Close that gap! — This is my hail mary. It’s obvious that Blizzard is trending towards homogenizing tank toolboxes–the latest step being DKs eventually getting a Demoralizing Shout effect. One of the last differences between the tank classes is a gap closer. Warriors and Druids can charge, DKs can Death Grip, and we can… face pull. Or toss a shield and then face pull. Point being, I think this will change.
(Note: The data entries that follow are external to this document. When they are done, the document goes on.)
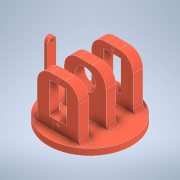
# Autodesk Inventor part: PIEZA 2
Saved by Autodesk Inventor 2021 (Build 250183000, 183)
## iProperties
Created: 2021-03-25
Part Number: PIEZA 2
Material: Generic
Document SubType Name: Modeling
Designer: LRC
Density: 1 g/cm^3
Appearance: Generic
Author: LRC
Autodesk Inventor part; units mm, degrees
ref_plane "YZ Plane" through (0, 0, 0) normal (1, 0, 0) x (0, 1, 0)
ref_plane "XZ Plane" through (0, 0, 0) normal (0, 1, 0) x (-1, 0, 0)
ref_plane "XY Plane" through (0, 0, 0) normal (0, 0, 1) x (1, 0, 0)
sketch "Sketch2" plane through (0, 0, 0) normal (0, 1, 0) x (-1, 0, 0)
  circle A0 centre (0, 0) radius 30
  dimension "d3" = 60
  constraints: 1 centre point, 1 coincident
  measures "d3" diameter of A0
extrude "Extrusion2" add sketch "Sketch2" along normal blind 4.5
sketch "Sketch3" plane through (0, 4.5, 0) normal (0, 1, 0) x (1, 0, 0)
  line L0 (-15, 0) -> (15, 0)
  line L1 (0, -3.5) -> (0, 3.5)
  line L2 (-15, 0) -> (-15, -3.5)
  line L3 (-15, -3.5) -> (15, -3.5)
  line L4 (15, -3.5) -> (15, 3.5)
  line L5 (15, 3.5) -> (-15, 3.5)
  line L6 (-15, 3.5) -> (-15, 0)
  line L7 (-15, -16) -> (-15, -23)
  line L8 (-15, -23) -> (15, -23)
  line L9 (15, -23) -> (15, -16)
  line L10 (15, -16) -> (-15, -16)
  line L11 (-15, 16) -> (-15, 23)
  line L12 (-15, 23) -> (15, 23)
  line L13 (15, 23) -> (15, 16)
  line L14 (15, 16) -> (-15, 16)
  point P0 (0, 0)
  point P1 (0, 0)
  point P2 (0, 0)
  dimension "d6" = 30
  dimension "d7" = 7
  dimension "d8" = 12.5
  dimension "d9" = 7
  dimension "d10" = 30
  dimension "d11" = 7
  constraints: 30 end point, 6 perpendicular, 4 symmetric about line, 3 coincident, 2 midpoint, 2 vertical, 1 horizontal, 1 point on line
  measures "d6" distance of L0.start L0.end
  measures "d7" distance of L1.start L1.end
  measures "d8" distance of L2.end L7.start
  measures "d9" distance of L7.start L7.end
  measures "d10" distance of L7.end L8.end
  measures "d11" distance of L8.end L9.end
extrude "Extrusion3" add sketch "Sketch3" along normal blind 35
fillet "Fillet1" radius 3 6 edges at (15, 4.5, 19.5) (15, 4.5, 0) (15, 4.5, -19.5) (-15, 4.5, 19.5) (-15, 4.5, 0) (-15, 4.5, -19.5)
fillet "Fillet2" radius 10 6 edges at (-15, 39.5, -19.5) (-15, 39.5, 0) (-15, 39.5, 19.5) (15, 39.5, -19.5) (15, 39.5, 0) (15, 39.5, 19.5)
sketch "Sketch4" plane through (0, 4.5, 0) normal (0, 1, 0) x (1, 0, 0)
  line L0 (0, 0) -> (0, 12.5)
  circle A0 centre (0, 12.5) radius 1.5
  line L1 (0, 0) -> (-7, 0)
  circle A1 centre (0, -12.5) radius 1.5
  dimension "d16" = 12.5
  dimension "d17" = 3
  constraints: 4 end point, 2 centre point, 1 coincident, 1 horizontal, 1 symmetric about line, 1 vertical, 1 other
  measures "d16" distance of L0.start L0.end
  measures "d17" diameter of A0
extrude "Extrusion4" cut sketch "Sketch4" against normal up to next
sketch "Sketch5" plane through (-18, 4.5, 23) normal (0, 0, 1) x (1, 0, 0)
  arc A0 (33, 25) -> (23, 35) centre (23, 25) ccw projected
  line L0 (13, 35) -> (23, 35) projected
  arc A1 (13, 35) -> (3, 25) centre (13, 25) ccw projected
  line L1 (3, 3) -> (3, 25) projected
  arc A2 (0, 0) -> (3, 3) centre (0, 3) ccw projected
  line L2 (36, 0) -> (0, 0) projected
  arc A3 (33, 3) -> (36, 0) centre (36, 3) ccw projected
  line L3 (33, 3) -> (33, 25) projected
  line L4 (3, 0) -> (18, 0)
  line L5 (18, 0) -> (18, 5)
  circle A4 centre (18, 5) radius 1
  line L6 (3, 35) -> (18, 35)
  line L7 (13, 35) -> (23, 35) projected
  line L8 (18, 30) -> (18, 35)
  line L9 (18, 35) -> (18, 32.5)
  circle A5 centre (18, 32.5) radius 1
  point P0 (18, -4.5)
  dimension "d20" = 15
  dimension "d21" = 5
  dimension "d22" = 2
  dimension "d23" = 15
  dimension "d24" = 5
  dimension "d25" = 2.5
  dimension "d26" = 2
  constraints: 10 end point, 3 midpoint, 2 centre point, 2 coincident, 1 perpendicular, 1 point on line
  measures "d20" distance of L4.start L4.end
  measures "d21" distance of L4.end L5.end
  measures "d22" diameter of A4
  measures "d23" distance of L6.start L6.end
  measures "d24" distance of L6.end L8.start
  measures "d25" distance of L6.end L9.end
  measures "d26" diameter of A5
extrude "Extrusion5" cut sketch "Sketch5" against normal blind 46 contours A4 | A5 L8 | L8 A5
sketch "Sketch6" plane through (-18, 4.5, 3.5) normal (0, 0, 1) x (1, 0, 0)
  circle A0 centre (18, 32.5) radius 1 projected
  circle A1 centre (18, 32.5) radius 1
  circle A2 centre (18, 5) radius 1
  point P0 (18, -4.5)
  constraints: 2 centre point, 1 coincident
extrude "Extrusion6" add sketch "Sketch6" against normal blind 7
sketch "Sketch7" plane through (-18, 4.5, 23) normal (0, 0, 1) x (1, 0, 0)
  circle A0 centre (18, 5) radius 1 projected
  circle A1 centre (18, 32.5) radius 1 projected
  arc A2 (33, 25) -> (23, 35) centre (23, 25) ccw projected
  line L0 (13, 35) -> (23, 35) projected
  arc A3 (13, 35) -> (3, 25) centre (13, 25) ccw projected
  line L1 (3, 3) -> (3, 25) projected
  arc A4 (0, 0) -> (3, 3) centre (0, 3) ccw projected
  line L2 (36, 0) -> (0, 0) projected
  arc A5 (33, 3) -> (36, 0) centre (36, 3) ccw projected
  line L3 (33, 3) -> (33, 25) projected
  line L4 (23, 35) -> (13, 35) projected
  line L5 (18, 35) -> (18, 30)
  line L6 (11.75, 30) -> (24.25, 30)
  line L7 (11.75, 30) -> (11.75, 7.5)
  line L8 (11.75, 7.5) -> (24.25, 7.5)
  line L9 (24.25, 7.5) -> (24.25, 30)
  point P0 (18, -4.5)
  dimension "d31" = 12.5
  dimension "d32" = 22.5
  constraints: 10 end point, 2 coincident, 2 midpoint, 2 perpendicular, 1 horizontal, 1 vertical
  measures "d31" distance of L6.start L6.end
  measures "d32" distance of L6.start L7.end
extrude "Extrusion7" cut sketch "Sketch7" against normal through all contours L6 L9 L8 L7
sketch "Sketch8" plane through (-18, 4.5, 3.5) normal (0, 0, 1) x (1, 0, 0)
  line L0 (13, 35) -> (23, 35) projected
  line L1 (18, 35) -> (18, 23.75)
  circle A0 centre (18, 23.75) radius 7.5
  line L2 (11.75, 7.5) -> (11.75, 30) projected
  line L3 (11.75, 30) -> (24.25, 30) projected
  line L4 (24.25, 30) -> (24.25, 7.5) projected
  line L5 (24.25, 7.5) -> (11.75, 7.5) projected
  arc A1 (33, 25) -> (23, 35) centre (23, 25) ccw projected
  line L6 (13, 35) -> (23, 35) projected
  arc A2 (13, 35) -> (3, 25) centre (13, 25) ccw projected
  line L7 (3, 3) -> (3, 25) projected
  arc A3 (0, 0) -> (3, 3) centre (0, 3) ccw projected
  line L8 (36, 0) -> (0, 0) projected
  arc A4 (33, 3) -> (36, 0) centre (36, 3) ccw projected
  line L9 (33, 3) -> (33, 25) projected
  line L10 (11.75, 30) -> (11.75, 7.5) projected
  line L11 (11.75, 27.8958) -> (11.75, 30)
  line L12 (11.75, 30) -> (13.8542, 30)
  line L13 (24.25, 30) -> (11.75, 30) projected
  line L14 (24.25, 7.5) -> (24.25, 30) projected
  line L15 (24.25, 27.8958) -> (24.25, 30)
  line L16 (24.25, 30) -> (22.1458, 30)
  line L17 (11.75, 19.6042) -> (11.75, 7.5)
  line L18 (24.25, 7.5) -> (11.75, 7.5) projected
  line L19 (11.75, 7.5) -> (24.25, 7.5)
  line L20 (24.25, 7.5) -> (24.25, 19.6042)
  point P0 (18, -4.5)
  dimension "d35" = 11.25
  dimension "d36" = 15
  constraints: 16 end point, 6 point on circle, 6 point on line, 4 collinear, 1 centre point, 1 coincident, 1 midpoint, 1 vertical
  measures "d35" distance of L1.start L1.end
  measures "d36" diameter of A0
extrude "Extrusion8" add sketch "Sketch8" against normal blind 7 contours L4 L5 L2 A0
extrude "Extrusion9" cut sketch "Sketch8" against normal blind 10 contours A0 L3 L1 | L1 L3 A0 | A0 L4 | L2 A0
extrude "Extrusion10" add sketch "Sketch8" against normal blind 7 contours L3 L4 A0 | A0 L2 L3
sketch "Sketch9" plane through (0, 4.5, 0) normal (0, 1, 0) x (1, 0, 0)
  circle A0 centre (0, 12.5) radius 1.5 projected
  circle A1 centre (0, -12.5) radius 1.5 projected
  line L0 (-18, 23) -> (18, 23) projected
  line L1 (18, 16) -> (18, 23) projected
  line L2 (18, 16) -> (-18, 16) projected
  line L3 (-18, 23) -> (-18, 16) projected
  line L4 (-18, 3.5) -> (18, 3.5) projected
  line L5 (18, -3.5) -> (18, 3.5) projected
  line L6 (18, -3.5) -> (-18, -3.5) projected
  line L7 (-18, 3.5) -> (-18, -3.5) projected
  line L8 (-18, -16) -> (18, -16) projected
  line L9 (18, -23) -> (18, -16) projected
  line L10 (18, -23) -> (-18, -23) projected
  line L11 (-18, -16) -> (-18, -23) projected
  circle A2 centre (0, 0) radius 30 projected
  circle A3 centre (0, 0) radius 30 projected
  line L12 (-30, 0) -> (-28.5642, 0)
  line L13 (-30, 0) -> (-27.3496, 0)
  line L14 (-27.3496, 0) -> (-27.3496, 3)
  line L15 (-27.3496, 3) -> (-29.8496, 3)
  line L16 (-27.3496, 0) -> (-27.3496, -3)
  line L17 (-27.3496, -3) -> (-29.8496, -3)
  dimension "d45" = 2.5
  dimension "d46" = 6
  constraints: 12 end point, 4 horizontal, 2 coincident, 2 point on circle, 2 symmetric about line, 1 vertical
  measures "d45" distance of L14.end L15.end
  measures "d46" distance between parallel lines of L15 L17
extrude "Extrusion11" add sketch "Sketch9" along normal blind 35 contours L15 L14 L13 L12 A2 | A2 L12 L13 L16 L17
fillet "Fillet3" radius 3 2 edges at (-28.5996, 39.5, -3) (-28.5996, 39.5, 3)
sketch "Sketch10" plane through (-27.3496, 4.5, 3) normal (1, 0, 0) x (0, 0, -1)
  line L0 (6, 0) -> (6, 32) projected
  line L1 (0, 0) -> (6, 0) projected
  line L2 (0, 0) -> (0, 32) projected
  line L3 (33, -4.5) -> (-27, -4.5) projected
  circle A0 centre (3, 32) radius 3
  circle A1 centre (3, 32) radius 1.5
  point P0 (3, -4.5)
  dimension "d51" = 6
  dimension "d52" = 3
  constraints: 2 centre point, 1 coincident, 2 other
  measures "d51" diameter of A0
  measures "d52" diameter of A1
extrude "Extrusion12" cut sketch "Sketch10" against normal blind 10 contours A1
body "Solid2"
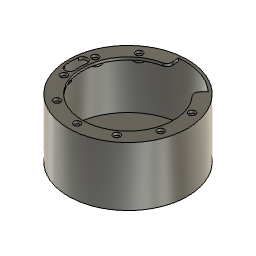
CoozieAssm (Autodesk Fusion 360 archive; units mm, degrees)
design "BatteryPack"
Autodesk Fusion 360 part; units mm, degrees
sketch "Sketch1" plane through (0, 0, 0) normal (0, 0, 1) x (1, 0, 0)
  circle A0 centre (0, 0) radius 44.5
  circle A1 centre (0, 0) radius 42.5
  dimension "d1" = 89
  dimension "d2" = 2
  constraint coincident A0.centre A1.centre
  measures "d1" diameter of A0
  measures "d2" distance of A0 A1
extrude "Extrude1" add sketch "Sketch1" against normal blind 2 contours A0 | A1 makes body 1
extrude "Extrude2" add sketch "Sketch1" along normal blind 40 bodies 1
sketch "Sketch2" plane through (0, 0, 40) normal (0, 0, 1) x (-1, 0, 0)
  circle A0 centre (0, 0) radius 42.5
  circle A1 centre (0, 0) radius 44.5
  circle A2 centre (0, 0) radius 44.5
  dimension "d7" = 89
  constraint concentric A0 A2
  measures "d7" diameter of A2
extrude "Extrude3" add sketch "Sketch2" along normal blind 2 separate body contours A0 | A1 A2 makes body 2
sketch "Sketch3" plane through (0, 0, 42) normal (0, 0, 1) x (-1, 0, 0)
  circle A0 centre (0, 0) radius 44.5
  circle A1 centre (0, -38) radius 2.5
  circle A2 centre (0, -38) radius 4
  dimension "d10" = 5
  dimension "d12" = 1.5
  dimension "d24" = 38
  constraint concentric A1 A2
  constraint vertical A0.centre A1.centre
  measures "d10" diameter of A1
  measures "d12" distance of A1 A2
  measures "d24" distance of A0.centre A1.centre
extrude "Extrude4" add sketch "Sketch3" against normal blind 3.5 contours A1 | A2 bodies 2
extrude "Extrude5" cut sketch "Sketch3" against normal blind 2 contours A1 bodies 2
pattern_circular "C-Pattern1" count 10 over 360 about axis through (0, 0, 1.75) along (0, 0, 1) of "Extrude4", "Extrude5"
sketch "Sketch5" plane through (0, 0, 42) normal (0, 0, 1) x (-1, 0, 0)
  circle A0 centre (0, 38) radius 2.5
  circle A1 centre (22.3358, 30.7426) radius 2.5
  circle A2 centre (36.1401, 11.7426) radius 2.5
  circle A3 centre (36.1401, -11.7426) radius 2.5
  circle A4 centre (22.3358, -30.7426) radius 2.5
  circle A5 centre (0, -38) radius 2.5
  circle A6 centre (0, 0) radius 44.5
  circle A7 centre (0, 0) radius 34
  circle A8 centre (0, -38) radius 4
  circle A9 centre (-36.1401, -11.7426) radius 2.5
  circle A10 centre (-36.1401, 11.7426) radius 2.5
  circle A11 centre (-22.3358, 30.7426) radius 2.5
  circle A12 centre (-22.3358, -30.7426) radius 2.5
  constraint concentric A6 A7
  constraint tangent A7 A8
extrude "Extrude6" cut sketch "Sketch5" against normal blind 5 contours A7 bodies 2
sketch "Sketch7" plane through (0, 0, 42) normal (0, 0, 1) x (-1, 0, 0)
  circle A0 centre (0, 0) radius 34
  circle A1 centre (0, 38) radius 2.5
  circle A2 centre (22.3358, 30.7426) radius 2.5
  circle A3 centre (36.1401, 11.7426) radius 2.5
  circle A4 centre (36.1401, -11.7426) radius 2.5
  circle A5 centre (22.3358, -30.7426) radius 2.5
  circle A6 centre (0, -38) radius 2.5
  circle A7 centre (0, 0) radius 44.5
  arc A8 (42.1904, -5.1205) -> (42.1904, 5.1205) centre (0, 0) ccw
  arc A9 (35.2414, -4.2771) -> (42.1904, -5.1205) centre (38.7159, -4.6988) ccw
  arc A10 (35.2414, -4.2771) -> (35.2414, 4.2771) centre (0, 0) ccw
  arc A11 (42.1904, 5.1205) -> (35.2414, 4.2771) centre (38.7159, 4.6988) ccw
  arc A12 (38.7159, -4.6988) -> (38.7159, 4.6988) centre (0, 0) ccw construction
  circle A13 centre (-36.1401, -11.7426) radius 2.5
  circle A14 centre (-36.1401, 11.7426) radius 2.5
  circle A15 centre (-22.3358, 30.7426) radius 2.5
  circle A16 centre (-22.3358, -30.7426) radius 2.5
  circle A17 centre (36.1401, -11.7426) radius 4
  circle A18 centre (36.1401, 11.7426) radius 4
  dimension "d25" = 2
  dimension "d26" = 39
  constraint tangent A8 A9
  constraint tangent A9 A10
  constraint tangent A10 A11
  constraint tangent A8 A11
  constraint coincident A0.centre A7.centre
  constraint tangent A9 A17
  constraint tangent A11 A18
  measures "d25" distance of A7 A8
  measures "d26" radius of A12
extrude "Extrude7" cut sketch "Sketch7" against normal blind 5 contours A8 A9 A10 A11 bodies 2
combine "Combine1" operation add target body 1 tool bodies 2
sketch "Sketch9" plane through (0, 0, 42) normal (0, 0, 1) x (-1, 0, 0)
  circle A0 centre (0, 0) radius 44.5 construction
  line L0 (0, 0) -> (4.6842, -44.2528)
  line L1 (0, 0) -> (-29.8007, -33.0479)
  circle A1 centre (0, 0) radius 34 construction
  circle A2 centre (0, 0) radius 42.5
  circle A3 centre (22.3358, 30.7426) radius 4
  circle A4 centre (0, 38) radius 4
  constraint coincident A0.centre L0.start
  constraint coincident A0 L0.end
  constraint coincident A0 L1.end
  constraint tangent L1 A3
  constraint tangent L0 A4
extrude "Extrude8" cut sketch "Sketch9" against normal blind 6 contours L0 L1 A2 picked at (1.0038, -28.2462) bodies 1
fillet "Fillet1" radius 4 2 edges at (-3.5789, 33.8111, 41) (22.7691, 25.2501, 41) on bodies 1

Here’s my hope and dream for the lvl 85 spell:

Crusader’s Charge (level 85): The Paladin hurls themselves toward a targeted spot, discharging a burst of holy energy when they land. Each tree will tack on an extra effect to the spell. Holy will convert that holy damage into heals. Ret will silence up to three enemies when they land, in addition to holy damage. Prot will daze up to three enemies when they land, in addition to holy damage. Will share a cooldown with Avenger’s Shield.

This might be a little pie in the sky, but with the greater emphasis on movement, I think a gap closer is in the cards. Even one not as ridiculous as the ability I just outlined.

Seal of Command – With Crusader Strike (probably) going baseline, this will jump up to being Ret’s 41-point ability to keep it out of reach of Prot Pallies.

Heavy bubble nerf for Ret – The trend in Wrath has been make Ret less of a defensive dps (quote GC: “A defensive dps spec just doesn’t work”) and more of a straight and narrow, offensive dps. That means gutting their abilities to manage debuffs (aka, the Cleanse nerf), self-heal, and reduce incoming damage. I fully expect to see Divine Shield to either be removed entirely, or put out of reach of Ret Paladins.

Major revamp of Prot abilities – 969 will be taken out back and murdered. Our rotation will become something more of a priority system, with either a dot to manage or a proc to watch.

I have absolutely no idea what our 81/83 spells will be. And, I can’t even begin to guess. I’m sure one will be something healing oriented, and one damage oriented. I doubt we’ll see a damage reduction spell, especially with Sacred Shield at 80.

Now that I’ve ventured out into the great unknown, it’s Blizz’s turn. Come on guys, wow me.

Our preview bumped up

News from across the pond:

We are thankful for all the paladins and their patience in having to wait just a bit longer than others to get their Cataclysm class preview. While we had initially announced that we were planning to post the Paladin preview on Friday, April 16, we can now reveal that it will instead be posted on Wednesday, April 14!

I was going to do a post Friday morning with my predictions but I guess my schedule’s just been bumped up.

Update: Someone in that thread is saying the Taiwanese forums were indicating the US was getting their preview today… I am overflowing with doubt, but I’ll take the bait. I’ll be watching the Cataclysm forum.

Dreamwalker, et al.

Long overdue, but we finally took some time out of our busy schedules to put serious tries on Dreamwalker. Now that BQL was dead and that notch added to our progression belts, we wanted to fall back and do an easier encounter we could have done a while ago. It took us a few tries to get Dreamwalker down (well, up) because we had to figure out the optimal places for tanks, the dps spread, healer roles, etc. The last attempt went pretty went, and I’m happy with the efficacy of our kill.

One thing that stood out to me was how fast the fight goes towards the end. That is, it’s slow going from start to 75%, but after that the healers are accumulating more and more stacks, and one second you notice it’s at 90% and people are yelling for the Pallies to throw on LoHs, then suddenly it’s at 100%. Dreamwalker then stands up and melts all the Scourge. I don’t know why we waited this long to kill her.

And the biggest hurdle we probably had was communication. The Blazing Skeleton would sneak up on one side, get five ticks off and it would be game over. The last few attempts we got really good at knowing when they were coming (a mage would call out right before they spawned) and then people would screech when they made an appearance on their side. People would rush over and drop it with one or less ticks of waste being laid.

I gotta say, I’m pretty psyched that we went from being unable to kill Putricide–or any other wing boss for that matter–to convincingly being able to farm Putricide, and having the option of saying “we know we can kill BQL, but do we want to go try out Sindragosa?” Options! I love ‘em.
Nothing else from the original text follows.